» Exercise directions:
Once you find the line with "world_world.color = (0.05088, 0.05088, 0.05088)" in the data that follows, repeat it and every line after it exactly, through the line with "me_cylinder = bpy.data.meshes.new('Cylinder')".
━━━━
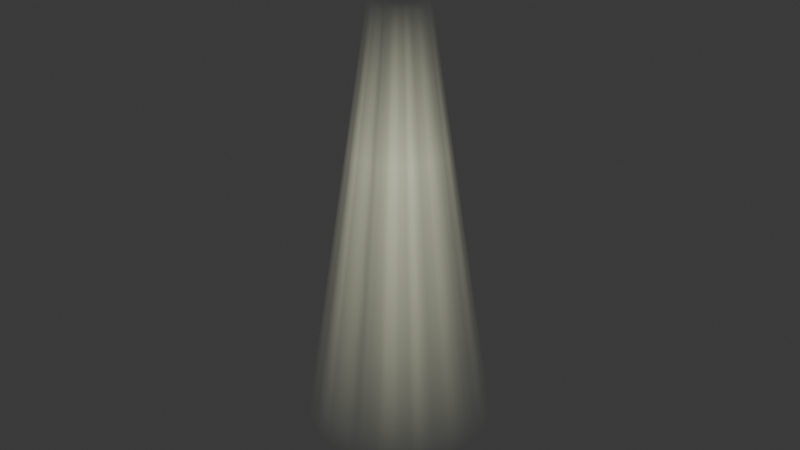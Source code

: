 # Source: GodrayTube.blend  (saved by Blender 4.1.24; exported with 4.5.12 LTS)
import bpy
from mathutils import Matrix  # noqa: F401  (used for matrix-valued properties, if any)

bpy.ops.wm.read_factory_settings(use_empty=True)
scene = bpy.context.scene
scene.name = 'Scene'

# ---- collections
col_collection = bpy.data.collections.new('Collection'); scene.collection.children.link(col_collection)

# ---- materials (node trees are filled in below, after node groups)
mat_m_godray = bpy.data.materials.new('M_Godray')
mat_m_godray.alpha_threshold = 0.0
mat_m_godray.use_transparent_shadow = False
mat_m_godray.roughness = 0.5
mat_m_godray.line_color = (0.0, 0.0, 0.0, 1.0)

# ---- material node trees
mat_m_godray.use_nodes = True; mat_m_godray.node_tree.nodes.clear()
_N = mat_m_godray.node_tree.nodes; _L = mat_m_godray.node_tree.links
n0 = _N.new('ShaderNodeOutputMaterial'); n0.name = 'Material Output'; n0.location = (857, 440)
n1 = _N.new('ShaderNodeBsdfPrincipled'); n1.name = 'Principled BSDF'; n1.location = (505, 272)
n1.distribution = 'GGX'
n1.inputs[0].default_value = (0.0, 0.0, 0.0, 1.0)
n1.inputs[3].default_value = 1.45
n1.inputs[13].default_value = 0.0
n1.inputs[16].default_value = 0.03
n1.inputs[27].default_value = (0.9748, 1.0, 0.7207, 1.0)
n1.inputs[28].default_value = 1.0
n2 = _N.new('ShaderNodeTexNoise'); n2.name = 'Noise Texture'; n2.location = (-438, 111)
n2.noise_dimensions = '4D'
n2.inputs[3].default_value = 0.5
n2.inputs[4].default_value = 0.5583
n3 = _N.new('ShaderNodeTexCoord'); n3.name = 'Texture Coordinate'; n3.location = (-798, 125)
n4 = _N.new('ShaderNodeMix'); n4.name = 'Mix'; n4.location = (-168, 148)
n4.data_type = 'RGBA'
n4.blend_type = 'MULTIPLY'
n4.inputs[0].default_value = 1.0
n5 = _N.new('ShaderNodeNewGeometry'); n5.name = 'Geometry.001'; n5.location = (-608, -295)
n6 = _N.new('ShaderNodeInvert'); n6.name = 'Invert Color'; n6.location = (-430, -377)
n7 = _N.new('ShaderNodeSeparateXYZ'); n7.name = 'Separate XYZ'; n7.location = (-441, 281)
n8 = _N.new('ShaderNodeValToRGB'); n8.name = 'Color Ramp'; n8.location = (-265, 397)
while len(n8.color_ramp.elements) > 1: n8.color_ramp.elements.remove(n8.color_ramp.elements[-1])
n8.color_ramp.elements[0].position = 0.0; n8.color_ramp.elements[0].color = (0.0, 0.0, 0.0, 1.0)
_e = n8.color_ramp.elements.new(0.672); _e.color = (1.0, 1.0, 1.0, 1.0)
_e = n8.color_ramp.elements.new(1.0); _e.color = (0.0, 0.0, 0.0, 1.0)
n9 = _N.new('ShaderNodeMix'); n9.name = 'Mix.001'; n9.location = (52, 153)
n9.data_type = 'RGBA'
n9.blend_type = 'MULTIPLY'
n9.inputs[0].default_value = 1.0
n10 = _N.new('ShaderNodeLayerWeight'); n10.name = 'Layer Weight'; n10.location = (-169, -140)
n10.inputs[0].default_value = 0.7
n11 = _N.new('ShaderNodeInvert'); n11.name = 'Invert Color.001'; n11.location = (55, -137)
n12 = _N.new('ShaderNodeMix'); n12.name = 'Mix.002'; n12.location = (272, 156)
n12.data_type = 'RGBA'
n12.blend_type = 'MULTIPLY'
n12.inputs[0].default_value = 1.0
n13 = _N.new('ShaderNodeValue'); n13.name = 'Value'; n13.location = (-1194, -181)
n13.outputs[0].default_value = 0.0
n14 = _N.new('ShaderNodeMath'); n14.name = 'Math'; n14.location = (-1021, -149)
n14.operation = 'MULTIPLY'
n14.inputs[1].default_value = 0.3
n15 = _N.new('ShaderNodeObjectInfo'); n15.name = 'Object Info'; n15.location = (-1375, -357)
n16 = _N.new('ShaderNodeMath'); n16.name = 'Math.001'; n16.location = (-1175, -355)
n16.operation = 'MULTIPLY'
n16.inputs[1].default_value = 100.0
n17 = _N.new('ShaderNodeVectorMath'); n17.name = 'Vector Math'; n17.location = (-802, -178)
_L.new(n3.outputs[1], n2.inputs[0])
_L.new(n1.outputs[0], n0.inputs[0])
_L.new(n2.outputs[0], n4.inputs[6])
_L.new(n12.outputs[2], n1.inputs[4])
_L.new(n5.outputs[6], n6.inputs[1])
_L.new(n6.outputs[0], n4.inputs[7])
_L.new(n3.outputs[0], n7.inputs[0])
_L.new(n7.outputs[2], n8.inputs[0])
_L.new(n9.outputs[2], n12.inputs[6])
_L.new(n11.outputs[0], n12.inputs[7])
_L.new(n13.outputs[0], n14.inputs[0])
_L.new(n15.outputs[5], n16.inputs[0])
_L.new(n14.outputs[0], n17.inputs[0])
_L.new(n16.outputs[0], n17.inputs[1])
_L.new(n17.outputs[0], n2.inputs[1])
_L.new(n10.outputs[1], n11.inputs[1])
_L.new(n4.outputs[2], n9.inputs[7])
_L.new(n8.outputs[0], n9.inputs[6])
n0.is_active_output = True

# ---- world
world_world = bpy.data.worlds.new('World'); scene.world = world_world
world_world.use_nodes = True; world_world.node_tree.nodes.clear()
_N = world_world.node_tree.nodes; _L = world_world.node_tree.links
n0 = _N.new('ShaderNodeOutputWorld'); n0.name = 'World Output'; n0.location = (300, 300)
n1 = _N.new('ShaderNodeBackground'); n1.name = 'Background'; n1.location = (10, 300)
n1.inputs[0].default_value = (0.05088, 0.05088, 0.05088, 1.0)
_L.new(n1.outputs[0], n0.inputs[0])
n0.is_active_output = True
world_world.color = (0.05088, 0.05088, 0.05088)
world_world.use_sun_shadow = False
world_world.sun_shadow_jitter_overblur = 0.0

# ---- cameras
cam_camera = bpy.data.cameras.new('Camera')
cam_camera.clip_end = 100.0
cam_camera.ortho_scale = 7.314

# ---- lights
light_light = bpy.data.lights.new('Light', 'POINT')
light_light.transmission_factor = 0.0
light_light.energy = 1000.0
light_light.shadow_soft_size = 0.1
light_light.shadow_maximum_resolution = 0.006
light_light.use_absolute_resolution = True

# ---- meshes
me_cylinder = bpy.data.meshes.new('Cylinder')
me_cylinder.from_pydata([(0.0, 1.0, -1.0), (8.502e-09, 0.2977, 1.0), (0.1951, 0.9808, -1.0), (0.05809, 0.292, 1.0), (0.3827, 0.9239, -1.0), (0.1139, 0.2751, 1.0), (0.5556, 0.8315, -1.0), (0.1654, 0.2476, 1.0), (0.7071, 0.7071, -1.0), (0.2105, 0.2105, 1.0), (0.8315, 0.5556, -1.0), (0.2476, 0.1654, 1.0), (0.9239, 0.3827, -1.0), (0.2751, 0.1139, 1.0), (0.9808, 0.1951, -1.0), (0.292, 0.05809, 1.0), (1.0, 0.0, -1.0), (0.2977, 1.046e-08, 1.0), (0.9808, -0.1951, -1.0), (0.292, -0.05809, 1.0), (0.9239, -0.3827, -1.0), (0.2751, -0.1139, 1.0), (0.8315, -0.5556, -1.0), (0.2476, -0.1654, 1.0), (0.7071, -0.7071, -1.0), (0.2105, -0.2105, 1.0), (0.5556, -0.8315, -1.0), (0.1654, -0.2476, 1.0), (0.3827, -0.9239, -1.0), (0.1139, -0.2751, 1.0), (0.1951, -0.9808, -1.0), (0.05809, -0.292, 1.0), (0.0, -1.0, -1.0), (8.502e-09, -0.2977, 1.0), (-0.1951, -0.9808, -1.0), (-0.05809, -0.292, 1.0), (-0.3827, -0.9239, -1.0), (-0.1139, -0.2751, 1.0), (-0.5556, -0.8315, -1.0), (-0.1654, -0.2476, 1.0), (-0.7071, -0.7071, -1.0), (-0.2105, -0.2105, 1.0), (-0.8315, -0.5556, -1.0), (-0.2476, -0.1654, 1.0), (-0.9239, -0.3827, -1.0), (-0.2751, -0.1139, 1.0), (-0.9808, -0.1951, -1.0), (-0.292, -0.05809, 1.0), (-1.0, 0.0, -1.0), (-0.2977, 1.046e-08, 1.0), (-0.9808, 0.1951, -1.0), (-0.292, 0.05809, 1.0), (-0.9239, 0.3827, -1.0), (-0.2751, 0.1139, 1.0), (-0.8315, 0.5556, -1.0), (-0.2476, 0.1654, 1.0), (-0.7071, 0.7071, -1.0), (-0.2105, 0.2105, 1.0), (-0.5556, 0.8315, -1.0), (-0.1654, 0.2476, 1.0), (-0.3827, 0.9239, -1.0), (-0.1139, 0.2751, 1.0), (-0.1951, 0.9808, -1.0), (-0.05809, 0.292, 1.0), (2.126e-09, 0.8244, -0.5), (4.251e-09, 0.6489, 0.0), (6.377e-09, 0.4733, 0.5), (0.09234, 0.4642, 0.5), (0.1266, 0.6364, 0.0), (0.1608, 0.8086, -0.5), (0.1811, 0.4373, 0.5), (0.2483, 0.5995, 0.0), (0.3155, 0.7617, -0.5), (0.263, 0.3935, 0.5), (0.3605, 0.5395, 0.0), (0.458, 0.6855, -0.5), (0.3347, 0.3347, 0.5), (0.4588, 0.4588, 0.0), (0.583, 0.583, -0.5), (0.3935, 0.263, 0.5), (0.5395, 0.3605, 0.0), (0.6855, 0.458, -0.5), (0.4373, 0.1811, 0.5), (0.5995, 0.2483, 0.0), (0.7617, 0.3155, -0.5), (0.4642, 0.09234, 0.5), (0.6364, 0.1266, 0.0), (0.8086, 0.1608, -0.5), (0.4733, 7.848e-09, 0.5), (0.6489, 5.232e-09, 0.0), (0.8244, 2.616e-09, -0.5), (0.4642, -0.09234, 0.5), (0.6364, -0.1266, 0.0), (0.8086, -0.1608, -0.5), (0.4373, -0.1811, 0.5), (0.5995, -0.2483, 0.0), (0.7617, -0.3155, -0.5), (0.3935, -0.263, 0.5), (0.5395, -0.3605, 0.0), (0.6855, -0.458, -0.5), (0.3347, -0.3347, 0.5), (0.4588, -0.4588, 0.0), (0.583, -0.583, -0.5), (0.263, -0.3935, 0.5), (0.3605, -0.5395, 0.0), (0.458, -0.6855, -0.5), (0.1811, -0.4373, 0.5), (0.2483, -0.5995, 0.0), (0.3155, -0.7617, -0.5), (0.09234, -0.4642, 0.5), (0.1266, -0.6364, 0.0), (0.1608, -0.8086, -0.5), (6.377e-09, -0.4733, 0.5), (4.251e-09, -0.6489, 0.0), (2.126e-09, -0.8244, -0.5), (-0.09234, -0.4642, 0.5), (-0.1266, -0.6364, 0.0), (-0.1608, -0.8086, -0.5), (-0.1811, -0.4373, 0.5), (-0.2483, -0.5995, 0.0), (-0.3155, -0.7617, -0.5), (-0.263, -0.3935, 0.5), (-0.3605, -0.5395, 0.0), (-0.458, -0.6855, -0.5), (-0.3347, -0.3347, 0.5), (-0.4588, -0.4588, 0.0), (-0.583, -0.583, -0.5), (-0.3935, -0.263, 0.5), (-0.5395, -0.3605, 0.0), (-0.6855, -0.458, -0.5), (-0.4373, -0.1811, 0.5), (-0.5995, -0.2483, 0.0), (-0.7617, -0.3155, -0.5), (-0.4642, -0.09234, 0.5), (-0.6364, -0.1266, 0.0), (-0.8086, -0.1608, -0.5), (-0.4733, 7.848e-09, 0.5), (-0.6489, 5.232e-09, 0.0), (-0.8244, 2.616e-09, -0.5), (-0.4642, 0.09234, 0.5), (-0.6364, 0.1266, 0.0), (-0.8086, 0.1608, -0.5), (-0.4373, 0.1811, 0.5), (-0.5995, 0.2483, 0.0), (-0.7617, 0.3155, -0.5), (-0.3935, 0.263, 0.5), (-0.5395, 0.3605, 0.0), (-0.6855, 0.458, -0.5), (-0.3347, 0.3347, 0.5), (-0.4588, 0.4588, 0.0), (-0.583, 0.583, -0.5), (-0.263, 0.3935, 0.5), (-0.3605, 0.5395, 0.0), (-0.458, 0.6855, -0.5), (-0.1811, 0.4373, 0.5), (-0.2483, 0.5995, 0.0), (-0.3155, 0.7617, -0.5), (-0.09234, 0.4642, 0.5), (-0.1266, 0.6364, 0.0), (-0.1608, 0.8086, -0.5)], [], [(66, 1, 3, 67), (67, 3, 5, 70), (70, 5, 7, 73), (73, 7, 9, 76), (76, 9, 11, 79), (79, 11, 13, 82), (82, 13, 15, 85), (85, 15, 17, 88), (88, 17, 19, 91), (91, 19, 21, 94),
━━━━
» Written solution:
world_world.color = (0.05088, 0.05088, 0.05088)
world_world.use_sun_shadow = False
world_world.sun_shadow_jitter_overblur = 0.0

# ---- cameras
cam_camera = bpy.data.cameras.new('Camera')
cam_camera.clip_end = 100.0
cam_camera.ortho_scale = 7.314

# ---- lights
light_light = bpy.data.lights.new('Light', 'POINT')
light_light.transmission_factor = 0.0
light_light.energy = 1000.0
light_light.shadow_soft_size = 0.1
light_light.shadow_maximum_resolution = 0.006
light_light.use_absolute_resolution = True

# ---- meshes
me_cylinder = bpy.data.meshes.new('Cylinder')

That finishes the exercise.